What the task requires. Work through the listing below and count the lines that hold "message". Answer with the number alone.

- Opening Delimiter -

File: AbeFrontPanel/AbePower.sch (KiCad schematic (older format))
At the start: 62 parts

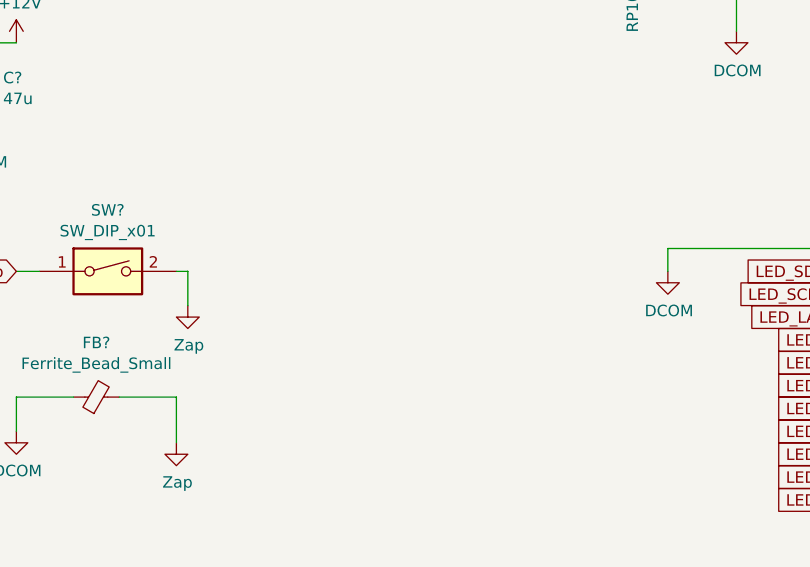
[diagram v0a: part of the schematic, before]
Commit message: Add TLV1117 Adjustable Regulator
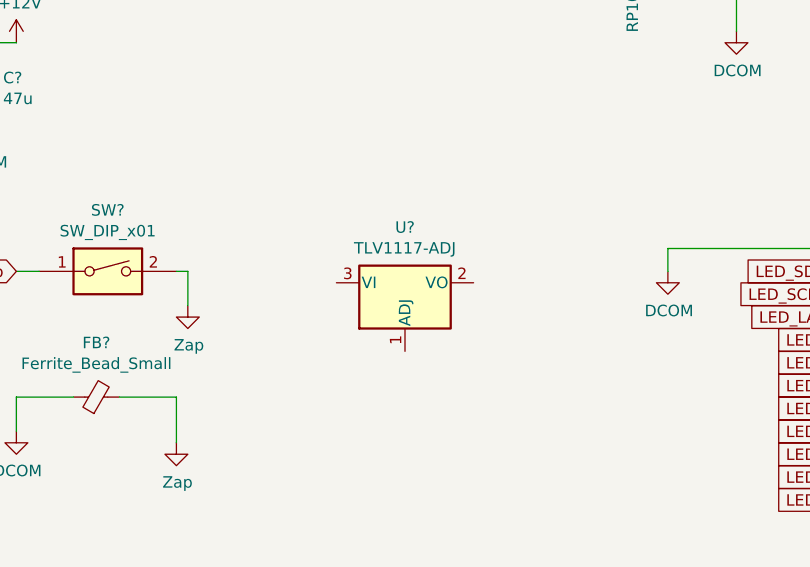
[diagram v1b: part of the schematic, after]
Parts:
- added U?: TLV1117-ADJ, symbol Regulator_Linear:TLV1117-ADJ
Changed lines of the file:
@@
 	0    -1   -1   0
 $EndComp
+$Comp
+L Regulator_Linear:TLV1117-ADJ U?
+U 1 1 608AAEB4
+P 4950 3050
+F 0 "U?" H 4950 3292 50  0000 C CNN
+F 1 "TLV1117-ADJ" H 4950 3201 50  0000 C CNN
+F 2 "" H 4950 3050 50  0001 C CNN
+F 3 "http://www.ti.com/lit/ds/symlink/tlv1117.pdf" H 4950 3050 50  0001 C CNN
+	1    4950 3050
+	1    0    0    -1
+$EndComp
 $EndSCHEMATC

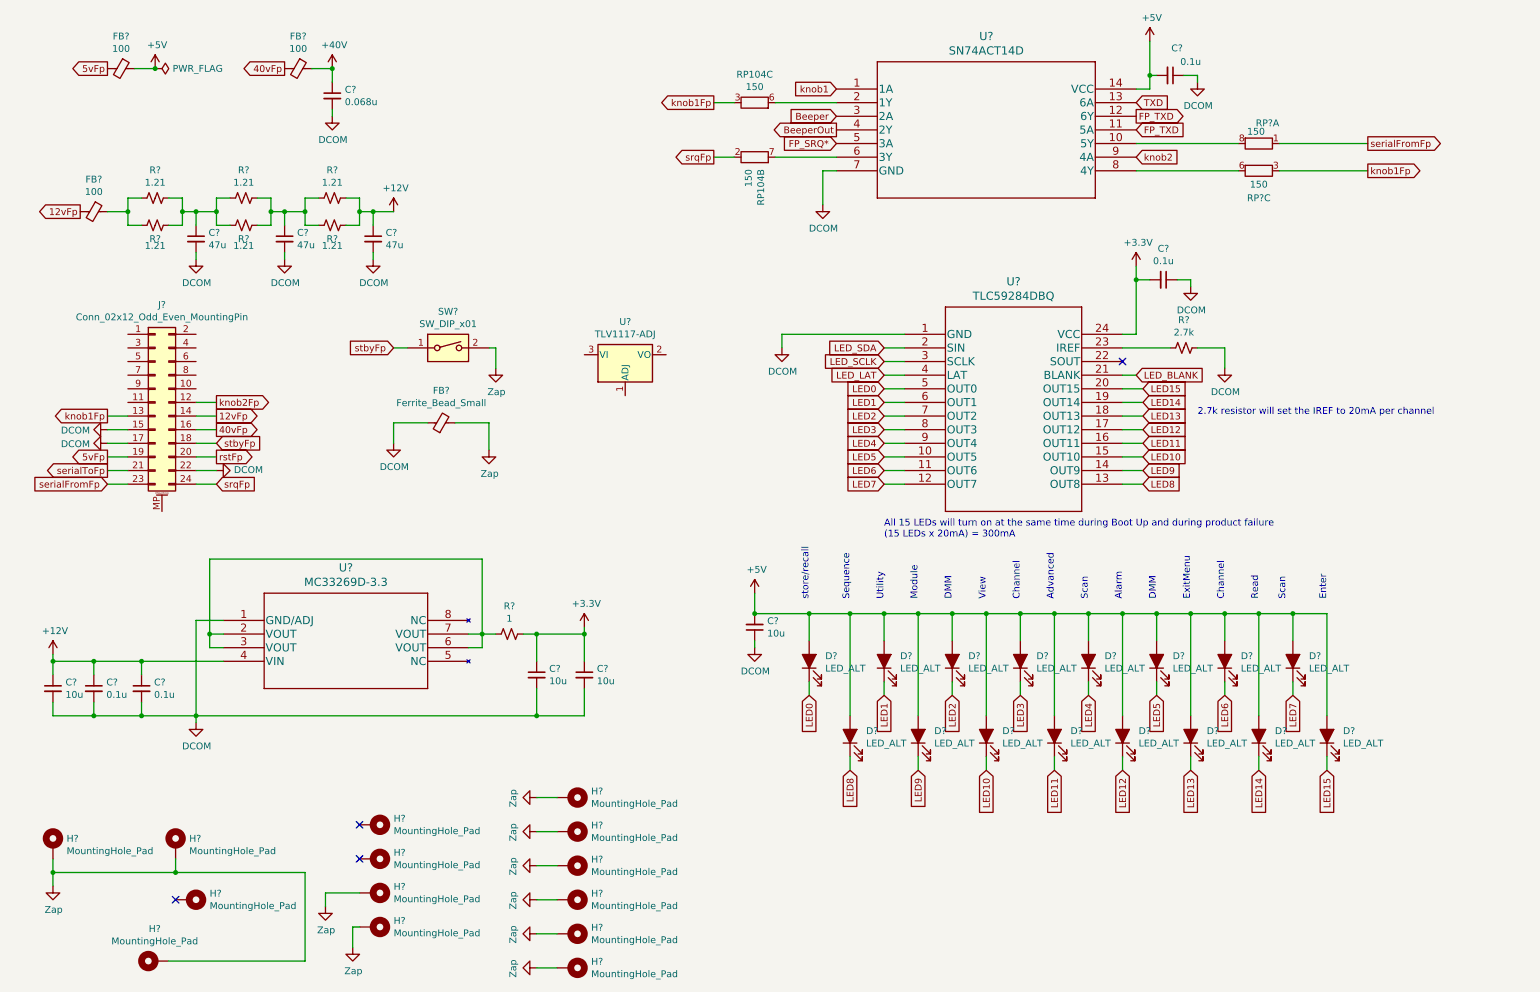
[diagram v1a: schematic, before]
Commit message: +10V, Beeper
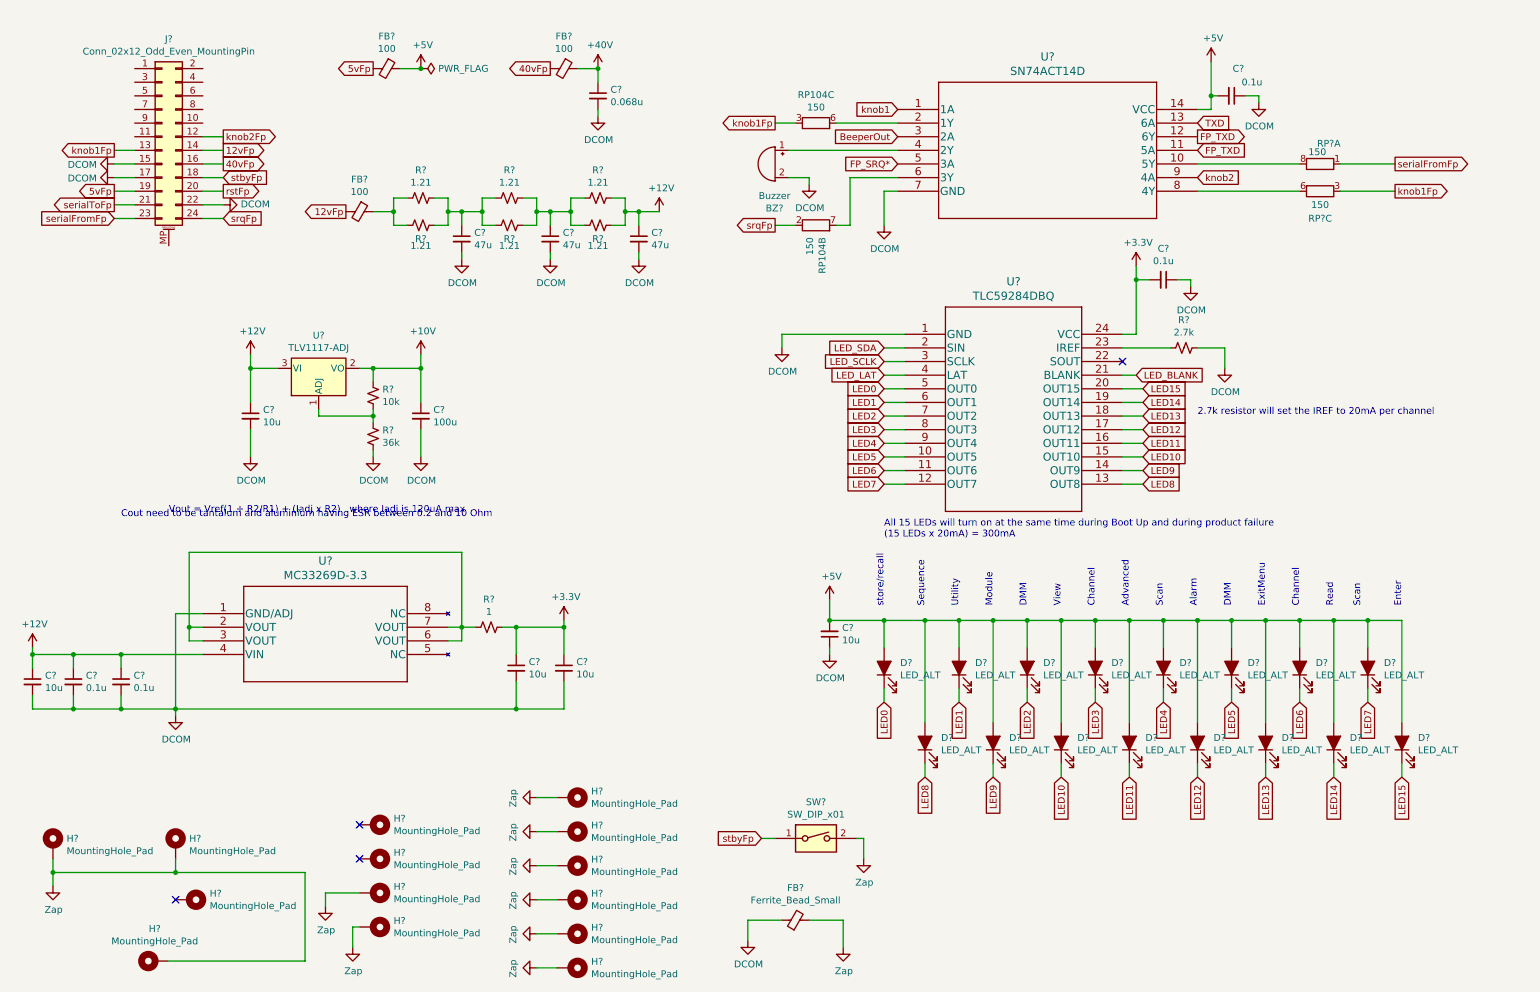
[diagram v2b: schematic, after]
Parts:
- added BZ?: Buzzer, symbol Device:Buzzer
- added C?: 10u, symbol Device:C_Small
- added C?: 100u, symbol Device:C_Small
- added R?: 10k, symbol Device:R_Small_US
- added R?: 36k, symbol Device:R_Small_US
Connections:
- net Beeper is gone; now on net BeeperOut: U?.3 (2A)
- net +12V: now also U?.3 (VI), C?.1
- net BeeperOut: no longer U?.4 (2Y)
- net GND: now also BZ?.2 (+), C?.2, C?.2, R?.2
- net at U?.1 (ADJ): now also R?.1, R?.2
- net +10V: now reaches U?.2 (VO)
- net +10V: now also C?.1, R?.1
- new net: BZ?.1 (-), U?.4 (2Y)
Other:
- note added: "Cout need to be tantalum and aluminium having ESR between 0.2 and 10 Ohm"
- note added: "Vout = Vref(1 + R2/R1) + (Iadj x R2) where Iadj is 120uA max\n\n"
- moved on the sheet: C?, D?, FB?, J?, R?, RP104B, RP104C, RP?A, RP?C, SW?, U?

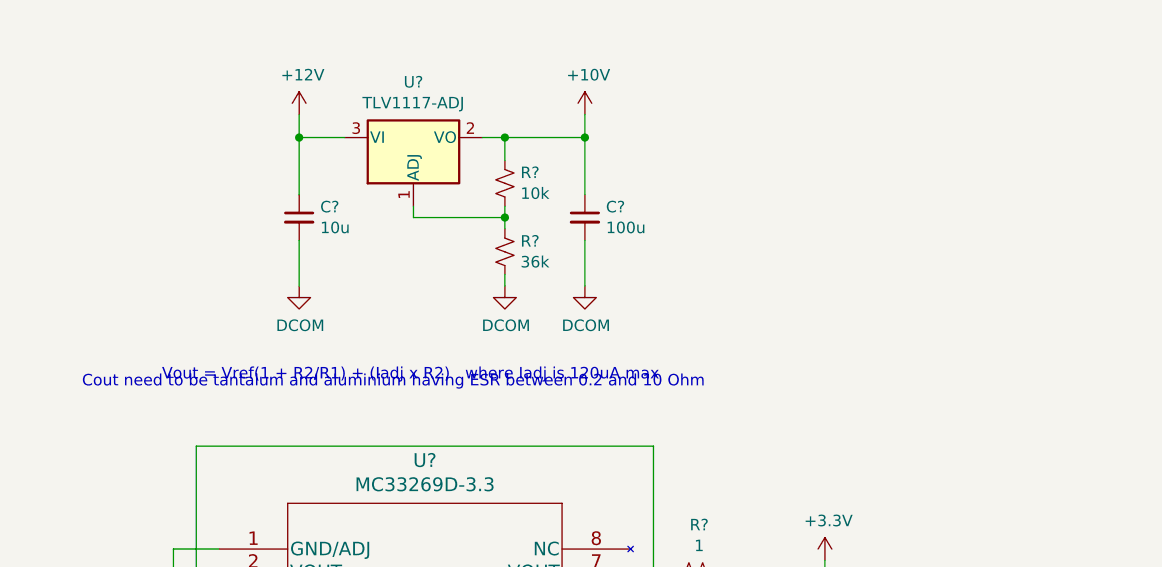
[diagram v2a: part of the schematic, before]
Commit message: Change the value of TL1117 R2/R1 to lower value
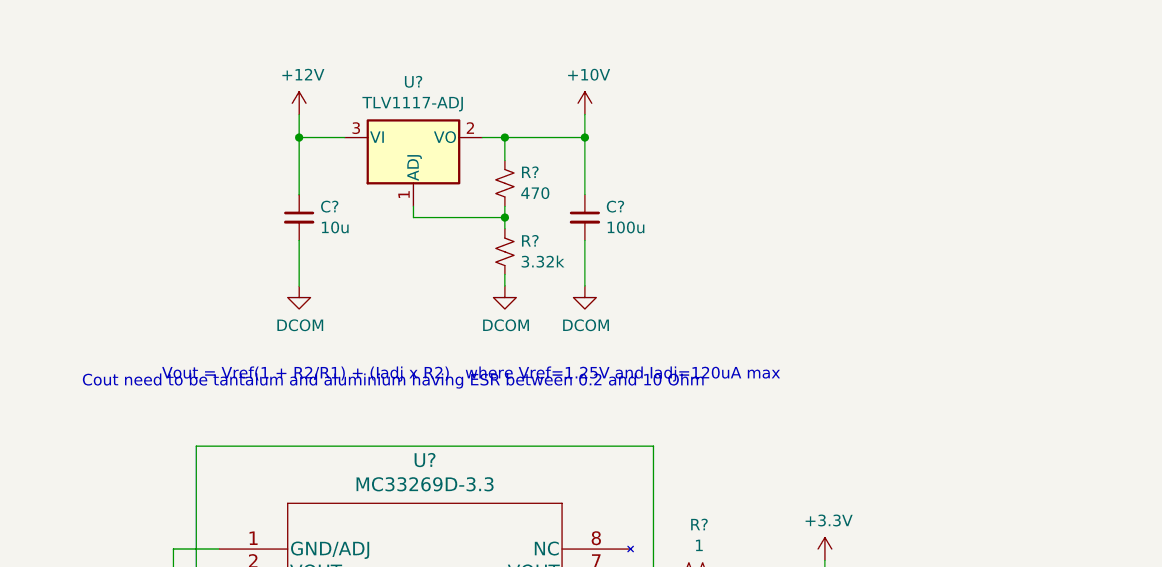
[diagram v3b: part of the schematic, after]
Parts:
- R?: value 10k -> 470
- R?: value 36k -> 3.32k
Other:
- note added: "Vout = Vref(1 + R2/R1) + (Iadj x R2) where Vref=1.25V and Iadj=120uA max\n\n"
- note removed: "Vout = Vref(1 + R2/R1) + (Iadj x R2) where Iadj is 120uA max\n\n"
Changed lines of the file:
@@
 P 3100 3350
 F 0 "R?" H 3168 3396 50  0000 L CNN
-F 1 "10k" H 3168 3305 50  0000 L CNN
+F 1 "470" H 3168 3305 50  0000 L CNN
 F 2 "" H 3100 3350 50  0001 C CNN
 F 3 "~" H 3100 3350 50  0001 C CNN
@@
 P 3100 3650
 F 0 "R?" H 3168 3696 50  0000 L CNN
-F 1 "36k" H 3168 3605 50  0000 L CNN
+F 1 "3.32k" H 3168 3605 50  0000 L CNN
 F 2 "" H 3100 3650 50  0001 C CNN
 F 3 "~" H 3100 3650 50  0001 C CNN
@@
 	3450 3050 3450 3150
 Connection ~ 3450 3150
-Text Notes 1600 4300 0    50   ~ 0
-Vout = Vref(1 + R2/R1) + (Iadj x R2)   where Iadj is 120uA max\n\n
 Text Notes 1250 4250 0    50   ~ 0
 Cout need to be tantalum and aluminium having ESR between 0.2 and 10 Ohm
@@
 Wire Wire Line
 	6300 1750 6300 1800
+Text Notes 1600 4300 0    50   ~ 0
+Vout = Vref(1 + R2/R1) + (Iadj x R2)   where Vref=1.25V and Iadj=120uA max\n\n
 $EndSCHEMATC

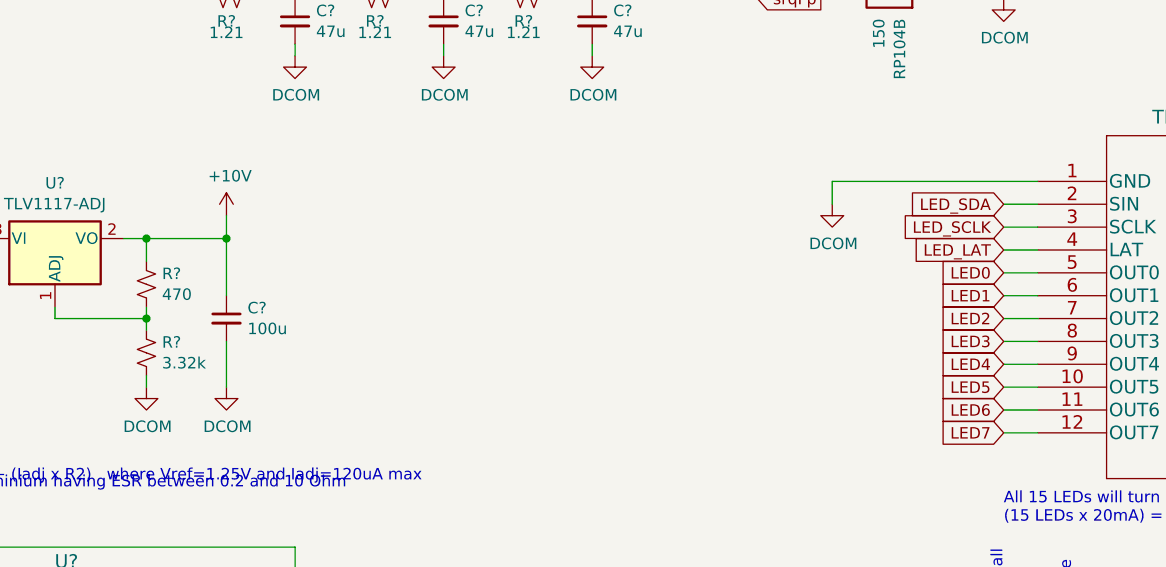
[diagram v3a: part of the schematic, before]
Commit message: Revise the value of TLV1117 R2/R1. Changed LED_SDA to LED_MOSI
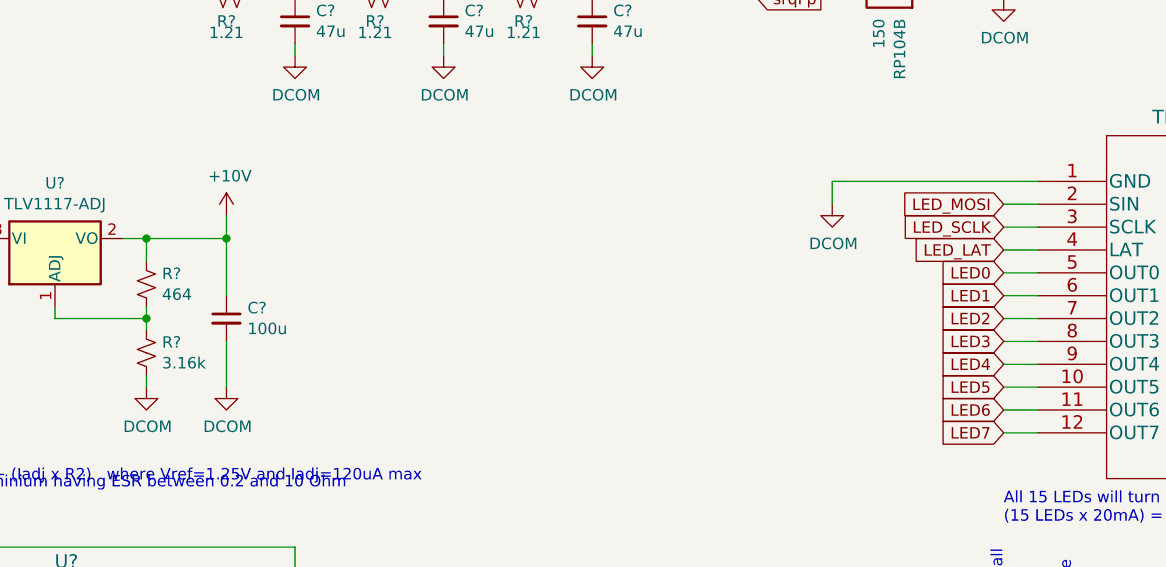
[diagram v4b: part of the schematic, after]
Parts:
- R?: value 470 -> 464
- R?: value 3.32k -> 3.16k
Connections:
- net LED_SDA renamed LED_MOSI
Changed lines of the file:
@@
 NoConn ~ 8600 3100
 Text GLabel 6850 3000 0    50   Input ~ 0
-LED_SDA
+LED_MOSI
 Wire Wire Line
 	6850 3000 7000 3000
@@
 P 3100 3350
 F 0 "R?" H 3168 3396 50  0000 L CNN
-F 1 "470" H 3168 3305 50  0000 L CNN
+F 1 "464" H 3168 3305 50  0000 L CNN
 F 2 "" H 3100 3350 50  0001 C CNN
 F 3 "~" H 3100 3350 50  0001 C CNN
@@
 P 3100 3650
 F 0 "R?" H 3168 3696 50  0000 L CNN
-F 1 "3.32k" H 3168 3605 50  0000 L CNN
+F 1 "3.16k" H 3168 3605 50  0000 L CNN
 F 2 "" H 3100 3650 50  0001 C CNN
 F 3 "~" H 3100 3650 50  0001 C CNN

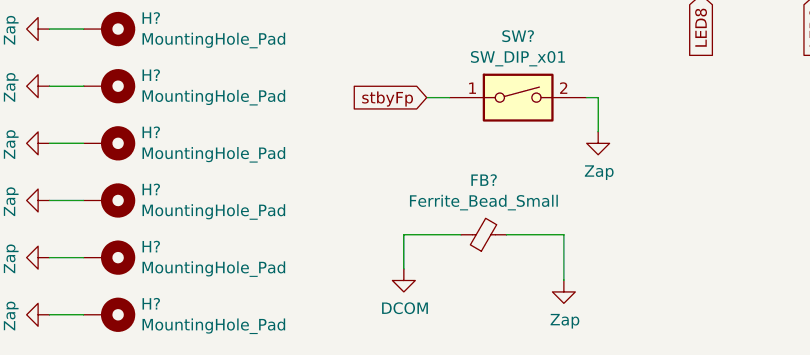
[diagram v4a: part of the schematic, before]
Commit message: Add RC time constant to slow down FilLogic. Add DRV8210 symbol.
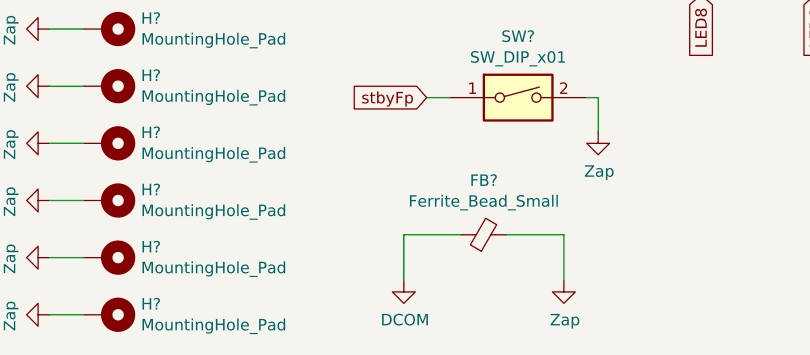
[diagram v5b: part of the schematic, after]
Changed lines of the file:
@@
 L power:DCOM #PWR?
 U 1 1 609306B9
-P 5850 7350
-F 0 "#PWR?" H 5850 7100 50  0001 C CNN
-F 1 "DCOM" H 5855 7177 50  0000 C CNN
-F 2 "" H 5850 7350 50  0001 C CNN
-F 3 "" H 5850 7350 50  0001 C CNN
-	1    5850 7350
+P 5850 7400
+F 0 "#PWR?" H 5850 7150 50  0001 C CNN
+F 1 "DCOM" H 5855 7227 50  0000 C CNN
+F 2 "" H 5850 7400 50  0001 C CNN
+F 3 "" H 5850 7400 50  0001 C CNN
+	1    5850 7400
 	1    0    0    -1
 $EndComp
@@
 $EndComp
 Wire Wire Line
-	5850 7350 5850 7200
+	5850 7400 5850 7200
 Wire Wire Line
 	5850 7200 6100 7200

- Closing Delimiter -

Reply. 5